**To do**
Where the listing below has a line with "#98=ADVANCED_FACE('F385',(#97),#63,.F.);", write out exactly that line and every line after it, stopping after the line with "#140=DIRECTION('',(0.,0.,1.));".
┄┄┄┄┄┄┄┄┄┄┄┄┄┄┄┄┄┄┄┄
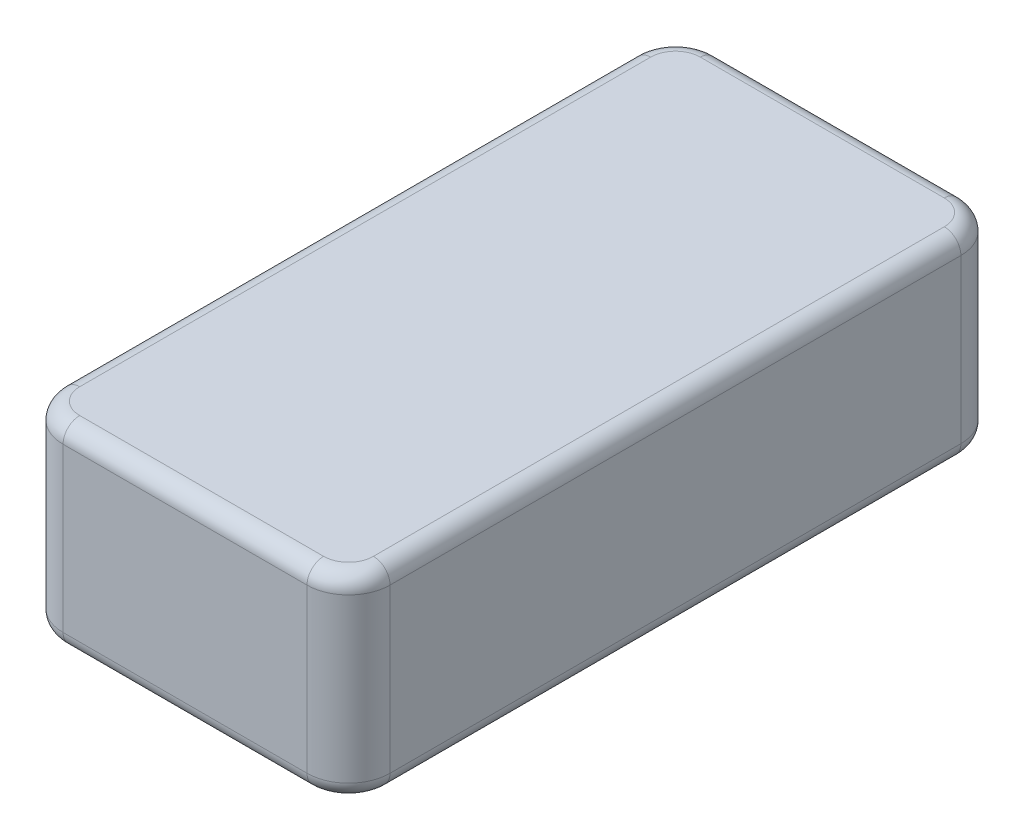
ISO-10303-21;
HEADER;
FILE_DESCRIPTION(('STEP AP214'),'2;1');
FILE_NAME('part.step','',(''),(''),'','','');
FILE_SCHEMA(('AUTOMOTIVE_DESIGN { 1 0 10303 214 1 1 1 1 }'));
ENDSEC;
DATA;
#1=APPLICATION_CONTEXT('core data for automotive mechanical design processes');
#2=APPLICATION_PROTOCOL_DEFINITION('international standard','automotive_design',2000,#1);
#3=PRODUCT_CONTEXT('',#1,'mechanical');
#4=PRODUCT('Part','Part','',(#3));
#5=PRODUCT_RELATED_PRODUCT_CATEGORY('part','',(#4));
#6=PRODUCT_DEFINITION_FORMATION('','',#4);
#7=PRODUCT_DEFINITION_CONTEXT('part definition',#1,'design');
#8=PRODUCT_DEFINITION('design','',#6,#7);
#9=PRODUCT_DEFINITION_SHAPE('','',#8);
#10=(LENGTH_UNIT() NAMED_UNIT(*) SI_UNIT(.MILLI.,.METRE.));
#11=(NAMED_UNIT(*) PLANE_ANGLE_UNIT() SI_UNIT($,.RADIAN.));
#12=(NAMED_UNIT(*) SI_UNIT($,.STERADIAN.) SOLID_ANGLE_UNIT());
#13=UNCERTAINTY_MEASURE_WITH_UNIT(LENGTH_MEASURE(1.E-05),#10,'distance_accuracy_value','');
#14=(GEOMETRIC_REPRESENTATION_CONTEXT(3) GLOBAL_UNCERTAINTY_ASSIGNED_CONTEXT((#13)) GLOBAL_UNIT_ASSIGNED_CONTEXT((#10,
#11,#12)) REPRESENTATION_CONTEXT('',''));
#15=CARTESIAN_POINT('',(0.,0.,0.));
#16=DIRECTION('',(0.,0.,1.));
#17=DIRECTION('',(1.,0.,0.));
#18=AXIS2_PLACEMENT_3D('',#15,#16,#17);
#19=CARTESIAN_POINT('',(0.,3.,0.));
#20=DIRECTION('',(1.,0.,0.));
#21=DIRECTION('',(0.,0.,-1.));
#22=AXIS2_PLACEMENT_3D('',#19,#20,#21);
#23=PLANE('',#22);
#24=DIRECTION('',(0.,-1.,0.));
#25=VECTOR('',#24,1.);
#26=CARTESIAN_POINT('',(0.,3.,-9.365));
#27=LINE('',#26,#25);
#28=CARTESIAN_POINT('',(0.,2.746,-9.365));
#29=VERTEX_POINT('',#28);
#30=CARTESIAN_POINT('',(0.,0.254,-9.365));
#31=VERTEX_POINT('',#30);
#32=EDGE_CURVE('E336',#29,#31,#27,.T.);
#33=ORIENTED_EDGE('',*,*,#32,.T.);
#34=DIRECTION('',(0.,0.,1.));
#35=VECTOR('',#34,1.);
#36=CARTESIAN_POINT('',(0.,0.254,-0.635));
#37=LINE('',#36,#35);
#38=CARTESIAN_POINT('',(0.,0.254,-0.635));
#39=VERTEX_POINT('',#38);
#40=EDGE_CURVE('E239',#31,#39,#37,.T.);
#41=ORIENTED_EDGE('',*,*,#40,.T.);
#42=DIRECTION('',(0.,-1.,0.));
#43=VECTOR('',#42,1.);
#44=CARTESIAN_POINT('',(0.,3.,-0.635));
#45=LINE('',#44,#43);
#46=CARTESIAN_POINT('',(0.,2.746,-0.635));
#47=VERTEX_POINT('',#46);
#48=EDGE_CURVE('E285',#39,#47,#45,.F.);
#49=ORIENTED_EDGE('',*,*,#48,.T.);
#50=DIRECTION('',(0.,0.,1.));
#51=VECTOR('',#50,1.);
#52=CARTESIAN_POINT('',(0.,2.746,0.));
#53=LINE('',#52,#51);
#54=EDGE_CURVE('E236',#47,#29,#53,.F.);
#55=ORIENTED_EDGE('',*,*,#54,.T.);
#56=EDGE_LOOP('',(#33,#41,#49,#55));
#57=FACE_BOUND('',#56,.T.);
#58=ADVANCED_FACE('F45',(#57),#23,.F.);
#59=CARTESIAN_POINT('',(0.,3.,0.));
#60=DIRECTION('',(0.,0.,-1.));
#61=DIRECTION('',(-1.,0.,0.));
#62=AXIS2_PLACEMENT_3D('',#59,#60,#61);
#63=PLANE('',#62);
#64=DIRECTION('',(0.,-1.,0.));
#65=VECTOR('',#64,1.);
#66=CARTESIAN_POINT('',(0.635,3.,0.));
#67=LINE('',#66,#65);
#68=CARTESIAN_POINT('',(0.635,2.746,0.));
#69=VERTEX_POINT('',#68);
#70=CARTESIAN_POINT('',(0.635,0.254,0.));
#71=VERTEX_POINT('',#70);
#72=EDGE_CURVE('E331',#69,#71,#67,.T.);
#73=ORIENTED_EDGE('',*,*,#72,.T.);
#74=DIRECTION('',(1.,0.,0.));
#75=VECTOR('',#74,1.);
#76=CARTESIAN_POINT('',(4.365,0.254,0.));
#77=LINE('',#76,#75);
#78=CARTESIAN_POINT('',(4.365,0.254,0.));
#79=VERTEX_POINT('',#78);
#80=EDGE_CURVE('E202',#71,#79,#77,.T.);
#81=ORIENTED_EDGE('',*,*,#80,.T.);
#82=DIRECTION('',(0.,-1.,0.));
#83=VECTOR('',#82,1.);
#84=CARTESIAN_POINT('',(4.365,3.,0.));
#85=LINE('',#84,#83);
#86=CARTESIAN_POINT('',(4.365,2.746,0.));
#87=VERTEX_POINT('',#86);
#88=EDGE_CURVE('E181',#79,#87,#85,.F.);
#89=ORIENTED_EDGE('',*,*,#88,.T.);
#90=DIRECTION('',(1.,0.,0.));
#91=VECTOR('',#90,1.);
#92=CARTESIAN_POINT('',(0.,2.746,0.));
#93=LINE('',#92,#91);
#94=EDGE_CURVE('E199',#87,#69,#93,.F.);
#95=ORIENTED_EDGE('',*,*,#94,.T.);
#96=EDGE_LOOP('',(#73,#81,#89,#95));
#97=FACE_BOUND('',#96,.T.);
#98=ADVANCED_FACE('F385',(#97),#63,.F.);
#99=CARTESIAN_POINT('',(5.,3.,0.));
#100=DIRECTION('',(-1.,0.,0.));
#101=DIRECTION('',(0.,0.,1.));
#102=AXIS2_PLACEMENT_3D('',#99,#100,#101);
#103=PLANE('',#102);
#104=DIRECTION('',(0.,-1.,0.));
#105=VECTOR('',#104,1.);
#106=CARTESIAN_POINT('',(5.,3.,-0.635));
#107=LINE('',#106,#105);
#108=CARTESIAN_POINT('',(5.,2.746,-0.635));
#109=VERTEX_POINT('',#108);
#110=CARTESIAN_POINT('',(5.,0.254,-0.635));
#111=VERTEX_POINT('',#110);
#112=EDGE_CURVE('E349',#109,#111,#107,.T.);
#113=ORIENTED_EDGE('',*,*,#112,.T.);
#114=DIRECTION('',(0.,0.,-1.));
#115=VECTOR('',#114,1.);
#116=CARTESIAN_POINT('',(5.,0.254,-9.365));
#117=LINE('',#116,#115);
#118=CARTESIAN_POINT('',(5.,0.254,-9.365));
#119=VERTEX_POINT('',#118);
#120=EDGE_CURVE('E214',#111,#119,#117,.T.);
#121=ORIENTED_EDGE('',*,*,#120,.T.);
#122=DIRECTION('',(0.,-1.,0.));
#123=VECTOR('',#122,1.);
#124=CARTESIAN_POINT('',(5.,3.,-9.365));
#125=LINE('',#124,#123);
#126=CARTESIAN_POINT('',(5.,2.746,-9.365));
#127=VERTEX_POINT('',#126);
#128=EDGE_CURVE('E353',#119,#127,#125,.F.);
#129=ORIENTED_EDGE('',*,*,#128,.T.);
#130=DIRECTION('',(0.,0.,-1.));
#131=VECTOR('',#130,1.);
#132=CARTESIAN_POINT('',(5.,2.746,0.));
#133=LINE('',#132,#131);
#134=EDGE_CURVE('E211',#127,#109,#133,.F.);
#135=ORIENTED_EDGE('',*,*,#134,.T.);
#136=EDGE_LOOP('',(#113,#121,#129,#135));
#137=FACE_BOUND('',#136,.T.);
#138=ADVANCED_FACE('F429',(#137),#103,.F.);
#139=CARTESIAN_POINT('',(0.,3.,-10.));
#140=DIRECTION('',(0.,0.,1.));
#141=DIRECTION('',(1.,0.,0.));
#142=AXIS2_PLACEMENT_3D('',#139,#140,#141);
#143=PLANE('',#142);
#144=DIRECTION('',(0.,-1.,0.));
#145=VECTOR('',#144,1.);
#146=CARTESIAN_POINT('',(4.365,3.,-10.));
#147=LINE('',#146,#145);
#148=CARTESIAN_POINT('',(4.365,2.746,-10.));
#149=VERTEX_POINT('',#148);
#150=CARTESIAN_POINT('',(4.365,0.254,-10.));
#151=VERTEX_POINT('',#150);
#152=EDGE_CURVE('E339',#149,#151,#147,.T.);
#153=ORIENTED_EDGE('',*,*,#152,.T.);
#154=DIRECTION('',(-1.,0.,0.));
#155=VECTOR('',#154,1.);
#156=CARTESIAN_POINT('',(0.635,0.254,-10.));
#157=LINE('',#156,#155);
#158=CARTESIAN_POINT('',(0.635,0.254,-10.));
#159=VERTEX_POINT('',#158);
#160=EDGE_CURVE('E227',#151,#159,#157,.T.);
#161=ORIENTED_EDGE('',*,*,#160,.T.);
#162=DIRECTION('',(0.,-1.,0.));
#163=VECTOR('',#162,1.);
#164=CARTESIAN_POINT('',(0.635,3.,-10.));
#165=LINE('',#164,#163);
#166=CARTESIAN_POINT('',(0.635,2.746,-10.));
#167=VERTEX_POINT('',#166);
#168=EDGE_CURVE('E345',#159,#167,#165,.F.);
#169=ORIENTED_EDGE('',*,*,#168,.T.);
#170=DIRECTION('',(-1.,0.,0.));
#171=VECTOR('',#170,1.);
#172=CARTESIAN_POINT('',(0.,2.746,-10.));
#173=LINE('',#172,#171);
┄┄┄┄┄┄┄┄┄┄┄┄┄┄┄┄┄┄┄┄
**Finished exercise**
#98=ADVANCED_FACE('F385',(#97),#63,.F.);
#99=CARTESIAN_POINT('',(5.,3.,0.));
#100=DIRECTION('',(-1.,0.,0.));
#101=DIRECTION('',(0.,0.,1.));
#102=AXIS2_PLACEMENT_3D('',#99,#100,#101);
#103=PLANE('',#102);
#104=DIRECTION('',(0.,-1.,0.));
#105=VECTOR('',#104,1.);
#106=CARTESIAN_POINT('',(5.,3.,-0.635));
#107=LINE('',#106,#105);
#108=CARTESIAN_POINT('',(5.,2.746,-0.635));
#109=VERTEX_POINT('',#108);
#110=CARTESIAN_POINT('',(5.,0.254,-0.635));
#111=VERTEX_POINT('',#110);
#112=EDGE_CURVE('E349',#109,#111,#107,.T.);
#113=ORIENTED_EDGE('',*,*,#112,.T.);
#114=DIRECTION('',(0.,0.,-1.));
#115=VECTOR('',#114,1.);
#116=CARTESIAN_POINT('',(5.,0.254,-9.365));
#117=LINE('',#116,#115);
#118=CARTESIAN_POINT('',(5.,0.254,-9.365));
#119=VERTEX_POINT('',#118);
#120=EDGE_CURVE('E214',#111,#119,#117,.T.);
#121=ORIENTED_EDGE('',*,*,#120,.T.);
#122=DIRECTION('',(0.,-1.,0.));
#123=VECTOR('',#122,1.);
#124=CARTESIAN_POINT('',(5.,3.,-9.365));
#125=LINE('',#124,#123);
#126=CARTESIAN_POINT('',(5.,2.746,-9.365));
#127=VERTEX_POINT('',#126);
#128=EDGE_CURVE('E353',#119,#127,#125,.F.);
#129=ORIENTED_EDGE('',*,*,#128,.T.);
#130=DIRECTION('',(0.,0.,-1.));
#131=VECTOR('',#130,1.);
#132=CARTESIAN_POINT('',(5.,2.746,0.));
#133=LINE('',#132,#131);
#134=EDGE_CURVE('E211',#127,#109,#133,.F.);
#135=ORIENTED_EDGE('',*,*,#134,.T.);
#136=EDGE_LOOP('',(#113,#121,#129,#135));
#137=FACE_BOUND('',#136,.T.);
#138=ADVANCED_FACE('F429',(#137),#103,.F.);
#139=CARTESIAN_POINT('',(0.,3.,-10.));
#140=DIRECTION('',(0.,0.,1.));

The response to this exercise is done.